Yesterday, in an event in Washington DC, the Cybersecurity Tech Accord took a decisive step to enhance the security of email communication, one of the most vulnerable areas in cybersecurity and one of the most targeted by cyber criminals worldwide. Building on existing efforts by like-minded organizations, governments and businesses, we endorsed Domain-based Message Authentication, Reporting & Conformance (DMARC), an email authentication policy and reporting protocol that helps prevent impersonation attacks via email. We did so in partnership with the Global Cyber Alliance (GCA), an international non-profit organization that has made eradicating global cyber risk its mission.
For the past two years, GCA has focused on the risk of phishing and strongly supported DMARC adoption to empower public and private organizations to defend against malicious emails. The GCA implementation guide has helped many businesses create a DMARC policy to protect their brand. The Cybersecurity Tech Accord signatories will support GCA in promoting the adoption of the DMARC protocol on a broad scale and commit to implementing the solution across our own operations, following through on our promise to protect users and customers from evolving cyber threats. As a first step, the Cybersecurity Tech Accord signatories will, under the GCA’s guidance, implement internal education measures around email security.
Email remains one of the primary communications channels for private individuals, organizations and government institutions and has become a preferred attack method for impersonation and fraud. Data on email threats in the first half of 2018 showed that approximately 6.4 billion emails sent worldwide each day are fake with the United States as the main source, and healthcare and government being the most impacted sectors. The fraudulent practice of phishing emails are the entry weapon of choice for many cyber criminals and have become more sophisticated over time.
DMARC is the first and only widely deployed technology that helps protects customers and the brand. Designed on the basis of real-world experience by some of the world’s largest email senders and receivers, DMARC builds on a system where senders and receivers collaborate to improve mail authentication practices of senders and enable receivers to reject unauthenticated messages. DMARC allows:
Domain owners to
- Signal that they are using email authentication (SPF, DKIM).
- Provide an email address to gather feedback about messages using their domain – legitimate or not.
- A policy to apply to messages that fail authentication (report, quarantine, reject).
Email receivers to
- Be certain a given sending domain is using email authentication.

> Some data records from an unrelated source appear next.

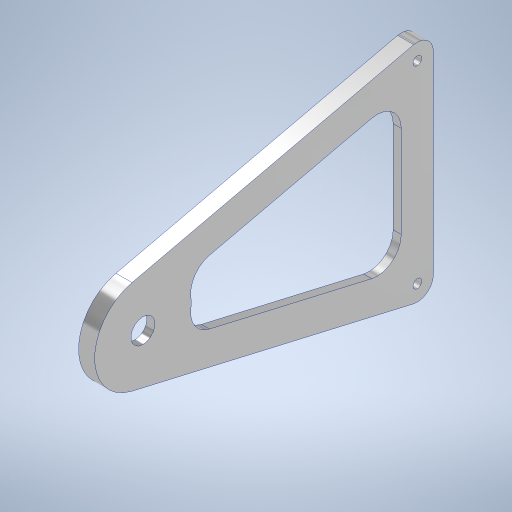
# Autodesk Inventor part: Frame (Motor Side)
Saved by Autodesk Inventor 2023.2 (Build 272271000, 271)
## iProperties
Created: 2022-05-22
Part Number: Frame (Motor Side)
Material: Aluminum 6061
Document SubType Name: Modeling
Designer: Nathan Cai
Density: 2.7 g/cm^3
Appearance: Aluminum - Flat
Mass: 63.0203 g
Surface Area: 136.097 cm^2
Volume: 23.3409 cm^3
Leg_Mounts: 0.625 in
Leg_Offset: 0.750 in
C2C: 4.265 in
Author: Nathan Cai
Autodesk Inventor part; units mm, degrees
ref_plane "YZ Plane" through (0, 0, 0) normal (1, 0, 0) x (0, 1, 0)
ref_plane "XZ Plane" through (0, 0, 0) normal (0, 1, 0) x (-1, 0, 0)
ref_plane "XY Plane" through (0, 0, 0) normal (0, 0, 1) x (1, 0, 0)
sketch "Sketch1" plane through (0, 0, 0) normal (1, 0, 0) x (0, 1, 0)
  circle A0 centre (0, 0) radius 4.7625 construction
  line L0 (0, 0) -> (0, 108.331) construction
  circle A1 centre (0, 108.331) radius 4.7625
  circle A2 centre (0, 108.331) radius 76.2 construction
  circle A3 centre (0, 108.331) radius 19.05
  line L1 (0, 0) -> (38.1, 0) construction
  circle A4 centre (38.1, 0) radius 1.7526
  circle A5 centre (38.1, 0) radius 6.35
  line L2 (18.5597, 112.6252) -> (44.2866, 1.4314)
  line L3 (10.2351, 92.2641) -> (31.9134, -1.4314)
  circle A6 centre (-38.1, 0) radius 1.7526
  circle A7 centre (-38.1, 0) radius 6.35
  line L4 (-18.5597, 112.6252) -> (-44.2866, 1.4314)
  line L5 (-10.2351, 92.2641) -> (-31.9134, -1.4314)
  line L6 (38.1, 6.35) -> (-38.1, 6.35)
  line L7 (-38.1, -6.35) -> (38.1, -6.35)
  line L8 (38.1, 0) -> (15.5738, 97.3602) construction
  circle A8 centre (19.05, 82.3358) radius 1.7526
  circle A9 centre (-19.05, 82.3358) radius 1.7526
  line L9 (19.05, 82.3358) -> (-19.05, 82.3358) construction
  circle A10 centre (15.875, 82.3358) radius 6.35
  circle A11 centre (15.875, 82.3358) radius 1.7526
  circle A12 centre (-15.875, 82.3358) radius 6.35
  circle A13 centre (-15.875, 82.3358) radius 1.7526
  arc A14 (31.7424, -0.6924) -> (-31.1085, -6.35) centre (0, 0) ccw construction
  arc A15 (44.45, 0) -> (-44.45, 0) centre (0, 0) ccw construction
  point P0 (44.2067, -1.741)
  point P1 (-22.5544, 39.0194)
  point P2 (-10.2351, 92.2641)
  point P3 (30.1131, 6.35)
  point P4 (-30.1131, 6.35)
  point P5 (-13.9309, 76.2907)
  point P6 (-11.4733, 86.9126)
  point P7 (11.4733, 86.9126)
  point P8 (13.9309, 76.2907)
  point P9 (22.7465, 38.189)
  point P10 (-22.7465, 38.189)
  point P11 (-40.2576, 18.8447)
  point P12 (-44.3636, 7.3939)
  point P13 (-31.75, 0)
  point P14 (31.75, 0)
  point P15 (44.3636, 7.3939)
  point P16 (40.2576, 18.8447)
  point P17 (-28.2125, 14.5642)
  point P18 (31.8736, 5.0775)
  point P19 (-31.7424, -0.6924)
  point P20 (28.2125, 14.5642)
  dimension "d0" = 9.525
  dimension "C2C" = 108.331
  dimension "d3" = 9.525
  dimension "d4" = 152.4
  dimension "d5" = 38.1
  dimension "d6" = 38.1
  dimension "d7" = 3.5052
  dimension "d8" = 12.7
  dimension "d9" = 0
  dimension "d10" = 12.7
  dimension "d37" = 3.5052
  dimension "Leg_Offset" = 19.05
  dimension "d39" = 12.7
  dimension "d40" = 3.5052
  dimension "Leg_Mounts" = 15.875
  dimension "d42" = 12.7
  constraints: 20 end point, 18 point on circle, 16 centre point, 11 coincident, 10 symmetric about line, 7 tangent, 6 point on line, 2 horizontal, 2 parallel, 1 vertical, 5 other
  measures "d0" diameter of A0
  measures "C2C" distance of L0.start L0.end
  measures "d3" diameter of A1
  measures "d4" diameter of A2
  measures "d5" diameter of A3
  measures "d6" distance of L1.start L1.end
  measures "d7" diameter of A4
  measures "d8" diameter of A5
  measures "d9" distance from line of A0.centre L1
  measures "d10" distance between parallel lines of L2 L3
  measures "d37" diameter of A8
  measures "Leg_Offset" distance from line of L0 L9.start
  measures "d39" diameter of A10
  measures "d40" diameter of A11
  measures "Leg_Mounts" distance from line of L0 A11.centre
  measures "d42" radial gap between concentric circles of A14 A15
extrude "Extrusion1" add sketch "Sketch1" along normal blind 6.35 contours A3 | A3 L2 A5 L6 L3 A10 | A3 L5 A12 L6 A7 L4 | A5 | A10 L3 | A7 | A5 L3 L6 | L5 A12 | L6 L5 A7 | A7 L5 L6 L3 A5 L7 | A8 A11 | A11 A8 | A8 A11 | A9 A13 | A9 A13 | A13 A9 picked at (13.1931, 81.7042) picked at (-13.1931, 81.7042)
fillet "Fillet1" radius 9.525 4 edges at (3.175, 10.2351, 92.2641) (3.175, -10.2351, 92.2641) (3.175, 30.1131, 6.35) (3.175, -30.1131, 6.35)
sketch "Sketch2" plane through (0, 0, 0) normal (1, 0, 0) x (0, 0, -1)
  line L0 (-1.4314, 44.2866) -> (-112.6252, 18.5597) projected
  circle A0 centre (0, 38.1) radius 6.35
  circle A1 centre (0, -38.1) radius 1.7526 projected
  arc A2 (-1.4314, -44.2866) -> (6.35, -38.1) centre (0, -38.1) ccw projected
  circle A3 centre (0, -38.1) radius 6.35
  circle A4 centre (0, 38.1) radius 1.7526 projected
  line L1 (-18.0221, -27.4125) -> (-82.0952, -12.5879) projected
  circle A5 centre (0, -38.1) radius 1.7526 projected
  circle A6 centre (-108.331, 0) radius 4.7625 projected
  circle A7 centre (0, 38.1) radius 1.7526 projected
  line L2 (6.35, -38.1) -> (6.35, 38.1) projected
  arc A8 (6.35, 38.1) -> (-1.4314, 44.2866) centre (0, 38.1) ccw projected
  line L3 (-1.4314, 44.2866) -> (-112.6252, 18.5597) projected
  line L4 (-112.6252, -18.5597) -> (-1.4314, -44.2866) projected
  arc A9 (-1.4314, -44.2866) -> (6.35, -38.1) centre (0, -38.1) ccw projected
  line L5 (-18.0221, -27.4125) -> (-82.0952, -12.5879) projected
  circle A10 centre (0, -38.1) radius 1.7526 projected
  circle A11 centre (-108.331, 0) radius 4.7625 projected
  circle A12 centre (0, 38.1) radius 1.7526 projected
  line L6 (6.35, -38.1) -> (6.35, 38.1) projected
  arc A13 (6.35, 38.1) -> (-1.4314, 44.2866) centre (0, 38.1) ccw projected
  line L7 (-1.4314, 44.2866) -> (-112.6252, 18.5597) projected
  line L8 (-112.6252, -18.5597) -> (-1.4314, -44.2866) projected
  arc A14 (-1.4314, -44.2866) -> (6.35, -38.1) centre (0, -38.1) ccw projected
  line L9 (-82.0952, 12.5879) -> (-18.0221, 27.4125) projected
  arc A15 (-6.35, 18.1326) -> (-18.0221, 27.4125) centre (-15.875, 18.1326) ccw projected
  line L10 (-6.35, 18.1326) -> (-6.35, -18.1326) projected
  arc A16 (-18.0221, -27.4125) -> (-6.35, -18.1326) centre (-15.875, -18.1326) ccw projected
  line L11 (-82.0952, 12.5879) -> (-18.0221, 27.4125) projected
  arc A17 (-6.35, 18.1326) -> (-18.0221, 27.4125) centre (-15.875, 18.1326) ccw projected
  line L12 (-6.35, 18.1326) -> (-6.35, -18.1326) projected
  arc A18 (-18.0221, -27.4125) -> (-6.35, -18.1326) centre (-15.875, -18.1326) ccw projected
  arc A19 (-89.4091, -2.2054) -> (-82.0952, -12.5879) centre (-79.9481, -3.3081) ccw projected
  arc A20 (-89.4091, -2.2054) -> (-89.4091, 2.2054) centre (-108.331, 0) ccw projected
  arc A21 (-82.0952, 12.5879) -> (-89.4091, 2.2054) centre (-79.9481, 3.3081) ccw projected
  arc A22 (-112.6252, 18.5597) -> (-112.6252, -18.5597) centre (-108.331, 0) ccw projected
  arc A23 (-89.4091, -2.2054) -> (-82.0952, -12.5879) centre (-79.9481, -3.3081) ccw projected
  arc A24 (-89.4091, -2.2054) -> (-89.4091, 2.2054) centre (-108.331, 0) ccw projected
  arc A25 (-82.0952, 12.5879) -> (-89.4091, 2.2054) centre (-79.9481, 3.3081) ccw projected
  arc A26 (-112.6252, 18.5597) -> (-112.6252, -18.5597) centre (-108.331, 0) ccw projected
  line L13 (-1.4314, 44.2866) -> (-112.6252, 18.5597) projected
  arc A27 (6.35, 38.1) -> (-1.4314, 44.2866) centre (0, 38.1) ccw projected
  line L14 (6.35, -38.1) -> (6.35, 38.1) projected
  arc A28 (-1.4314, -44.2866) -> (6.35, -38.1) centre (0, -38.1) ccw projected
  line L15 (-112.6252, -18.5597) -> (-1.4314, -44.2866) projected
  arc A29 (-112.6252, 18.5597) -> (-112.6252, -18.5597) centre (-108.331, 0) ccw projected
  circle A30 centre (-108.331, 0) radius 4.7625 projected
  circle A31 centre (0, 38.1) radius 1.7526 projected
  circle A32 centre (0, -38.1) radius 1.7526 projected
  arc A33 (-6.35, 18.1326) -> (-18.0221, 27.4125) centre (-15.875, 18.1326) ccw projected
  line L16 (-82.0952, 12.5879) -> (-18.0221, 27.4125) projected
  arc A34 (-82.0952, 12.5879) -> (-89.4091, 2.2054) centre (-79.9481, 3.3081) ccw projected
  arc A35 (-89.4091, -2.2054) -> (-89.4091, 2.2054) centre (-108.331, 0) ccw projected
  arc A36 (-89.4091, -2.2054) -> (-82.0952, -12.5879) centre (-79.9481, -3.3081) ccw projected
  line L17 (-18.0221, -27.4125) -> (-82.0952, -12.5879) projected
  arc A37 (-18.0221, -27.4125) -> (-6.35, -18.1326) centre (-15.875, -18.1326) ccw projected
  line L18 (-6.35, 18.1326) -> (-6.35, -18.1326) projected
  line L19 (-6.1866, -36.6686) -> (-83.5266, -18.7745)
  arc A38 (-95.7164, -1.4702) -> (-83.5266, -18.7745) centre (-79.9481, -3.3081) ccw
  arc A39 (-95.7164, -1.4702) -> (-95.7164, 1.4702) centre (-108.331, 0) ccw
  arc A40 (-83.5266, 18.7745) -> (-95.7164, 1.4702) centre (-79.9481, 3.3081) ccw
  line L20 (-83.5266, 18.7745) -> (-6.1866, 36.6686)
  circle A41 centre (-108.331, 0) radius 11.1125
  arc A42 (-89.4091, -2.2054) -> (-89.4091, 2.2054) centre (-108.331, 0) ccw projected
  line L21 (-108.331, 0) -> (6.35, 0) construction
  point P0 (6.35, -38.1)
  point P1 (6.35, 38.1)
  point P2 (6.35, 38.1)
  point P3 (6.35, 38.1)
  dimension "d66" = 6.35
  dimension "d67" = 22.225
  dimension "d68" = 6.35
  dimension "d69" = 6.35
  constraints: 10 point on circle, 6 centre point, 6 end point, 3 coincident, 2 parallel, 1 midpoint, 2 other
  measures "d66" distance between parallel lines of L1 L19
  measures "d67" diameter of A41
  measures "d68" radial gap between concentric circles of A19 A38
  measures "d69" radial gap between concentric circles of A20 A39
extrude "Extrusion4" cut sketch "Sketch2" along normal blind 3.175 contours L2 A3 L19 A38 A39 A40 L20 A0
extrude "Extrusion5" cut sketch "Sketch2" along normal blind 3.175 contours A41
fillet "Fillet4" radius 6.35 2 edges at (1.5875, -36.6686, 6.1866) (1.5875, 36.6686, 6.1866)
equation "\"d10\" = d8"
body "Solid1"
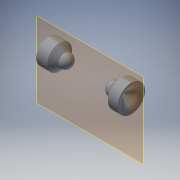
# Autodesk Inventor part: create rotation hole in pelvis
Saved by Autodesk Inventor 2019 (Build 230136000, 136)
## iProperties
Created: 2018-10-12
Part Number: create rotation hole in pelvis
Material: Generic
Document SubType Name: Modeling
Designer: HIVE
Density: 1 g/cm^3
Appearance: Default
Author: HIVE
Autodesk Inventor part; units mm, degrees
ref_plane "YZ Plane" through (0, 0, 0) normal (1, 0, 0) x (0, 1, 0)
ref_plane "XZ Plane" through (0, 0, 0) normal (0, 1, 0) x (-1, 0, 0)
ref_plane "XY Plane" through (0, 0, 0) normal (0, 0, 1) x (1, 0, 0)
ref_plane "Work Plane1" through (0, 0, 0) normal (0, 0, 1) x (1, 0, 0)
sketch "Sketch1" plane through (0, 0, 0) normal (0, 0, 1) x (1, 0, 0)
  line L0 (-49.7315, 70) -> (-40.2643, 60.5328) projected
  ellipse E0 centre (-38.9815, 70) end of major axis (-49.7315, 70) minor radius 9.5354 (-40.2643, 60.5328) -> (-28.2315, 70) ccw projected
  line L1 (-28.2315, 70) -> (-32.2315, 70) projected
  ellipse E1 centre (-38.9815, 70) end of major axis (-45.7315, 70) minor radius 5.9873 (-45.7315, 70) -> (-32.2315, 70) ccw projected
  line L2 (-45.7315, 70) -> (-49.7315, 70) projected
  line L3 (-40.2643, 60.5328) -> (-49.7315, 70) projected
  arc A0 (-60.4815, 59.25) -> (-64.8022, 50.5) centre (-49.7315, 48.5) ccw
  line L4 (-60.4815, 59.25) -> (-49.7315, 70)
  line L5 (-47.7315, 50.5) -> (-38.9815, 59.25)
  line L6 (-49.7315, 70) -> (-40.2643, 60.5328) projected
  ellipse E2 centre (-38.9815, 70) end of major axis (-49.7315, 70) minor radius 9.5354 (-40.2643, 60.5328) -> (-28.2315, 70) ccw projected
  line L7 (-28.2315, 70) -> (-32.2315, 70) projected
  ellipse E3 centre (-38.9815, 70) end of major axis (-45.7315, 70) minor radius 5.9873 (-45.7315, 70) -> (-32.2315, 70) ccw projected
  line L8 (-45.7315, 70) -> (-49.7315, 70) projected
  ellipse E4 centre (-38.9815, 70) end of major axis (-49.7315, 70) minor radius 9.5354 (-40.2643, 60.5328) -> (-28.2315, 70) ccw projected
  arc A1 (-38.9815, 59.25) -> (-28.2315, 70) centre (-38.9815, 70) ccw
  line L9 (-64.8022, 50.5) -> (-47.7315, 50.5)
  line L10 (-45.7315, 70) -> (-32.2315, 70)
  line L11 (49.7315, 70) -> (40.2643, 60.5328) projected
  line L12 (45.7315, 70) -> (49.7315, 70) projected
  ellipse E5 centre (38.9815, 70) end of major axis (45.7315, 70) minor radius 5.9873 (32.2315, 70) -> (45.7315, 70) ccw projected
  line L13 (28.2315, 70) -> (32.2315, 70) projected
  ellipse E6 centre (38.9815, 70) end of major axis (49.7315, 70) minor radius 9.5354 (28.2315, 70) -> (40.2643, 60.5328) ccw projected
  line L14 (49.7315, 70) -> (60.4815, 59.25)
  line L15 (38.9815, 59.25) -> (49.7315, 48.5)
  arc A2 (64.9343, 48.5) -> (60.4815, 59.25) centre (49.7315, 48.5) ccw
  line L16 (64.9343, 48.5) -> (49.7315, 48.5)
  line L17 (32.2315, 70) -> (45.7315, 70)
  arc A3 (28.2315, 70) -> (38.9815, 59.25) centre (38.9815, 70) ccw
  arc A4 (-60.8351, 59.6036) -> (-65.3625, 50) centre (-49.7315, 48.5) ccw
  line L18 (-65.3625, 50) -> (-47.5244, 50)
  line L19 (-47.5244, 50) -> (-38.7725, 58.7519)
  arc A5 (-38.7725, 58.7519) -> (-27.7315, 70) centre (-38.9815, 70) ccw
  arc A6 (65.4263, 48) -> (60.8351, 59.6036) centre (49.7315, 48.5) ccw
  line L20 (65.4263, 48) -> (49.5244, 48)
  line L21 (49.5244, 48) -> (38.6279, 58.8964)
  line L22 (38.9815, 70) -> (27.8779, 70.3536) construction
  line L23 (38.9815, 70) -> (38.6279, 58.8964) construction
  line L24 (-19.398, 70) -> (-4.8831, 70)
  line L25 (-49.7315, 70) -> (-50.4386, 70)
  line L26 (28.2315, 70) -> (27.8723, 70)
  line L27 (49.7315, 70) -> (50.4386, 70)
  line L28 (-50.4386, 70) -> (-60.8351, 59.6036)
  line L29 (-28.2315, 70) -> (-27.7315, 70)
  arc A7 (27.8723, 70) -> (38.6279, 58.8964) centre (38.9815, 70) ccw
  line L30 (50.4386, 70) -> (60.8351, 59.6036)
  point P0 (0, 0)
  dimension "d5" = 90
  constraints: 42 end point, 16 point on circle, 8 centre point, 7 horizontal, 3 coincident, 2 point on line, 1 collinear, 27 other
  measures "d5" angle of L22 L23
revolve "Revolution3" add sketch "Sketch1" angle 198 about axis through (-19.398, 70, 0) along (-1, 0, 0)
body "Solid3"

- Consistently evaluate SPF and DKIM along with what the end user sees in their inbox.
- Determine the domain owner’s preference (report, quarantine or reject) for messages that do not pass authentication checks.
- Provide the domain owner with feedback about messages using their domain.
However, DMARC adoption has been slower than its founders would have expected. Lately efforts have been undertaken at government and industry level to see this protocol implemented more consistently. In October 2017, the US Department of Homeland Security issued a directive that requires all federal agencies to implement DMARC for every domain they own. The UK government has made concrete steps in this direction already in 2016, when Government Digital Service (GDS), part of the UK’s Cabinet Office required that other governments department adopted DMARC to protect their online services. This is despite the fact that the research from GCA, published today, shows the 1,046 organizations that have used GCA’s DMARC tools saved $19 million dollars since the start of 2018.
The Cybersecurity Tech Accord welcomes these developments but believes that it is vital for DMARC adoption to accelerate across sectors with businesses and governments taking a decisive step to enhance email security. Failing to address this issue exposes internet users everywhere to cyberattacks and the internet more broadly to systemic cybersecurity challenges. That is why we are committed as a group to advancing our email security policies and encourage other businesses to do the same with the objective to have a more secure internet ecosystem.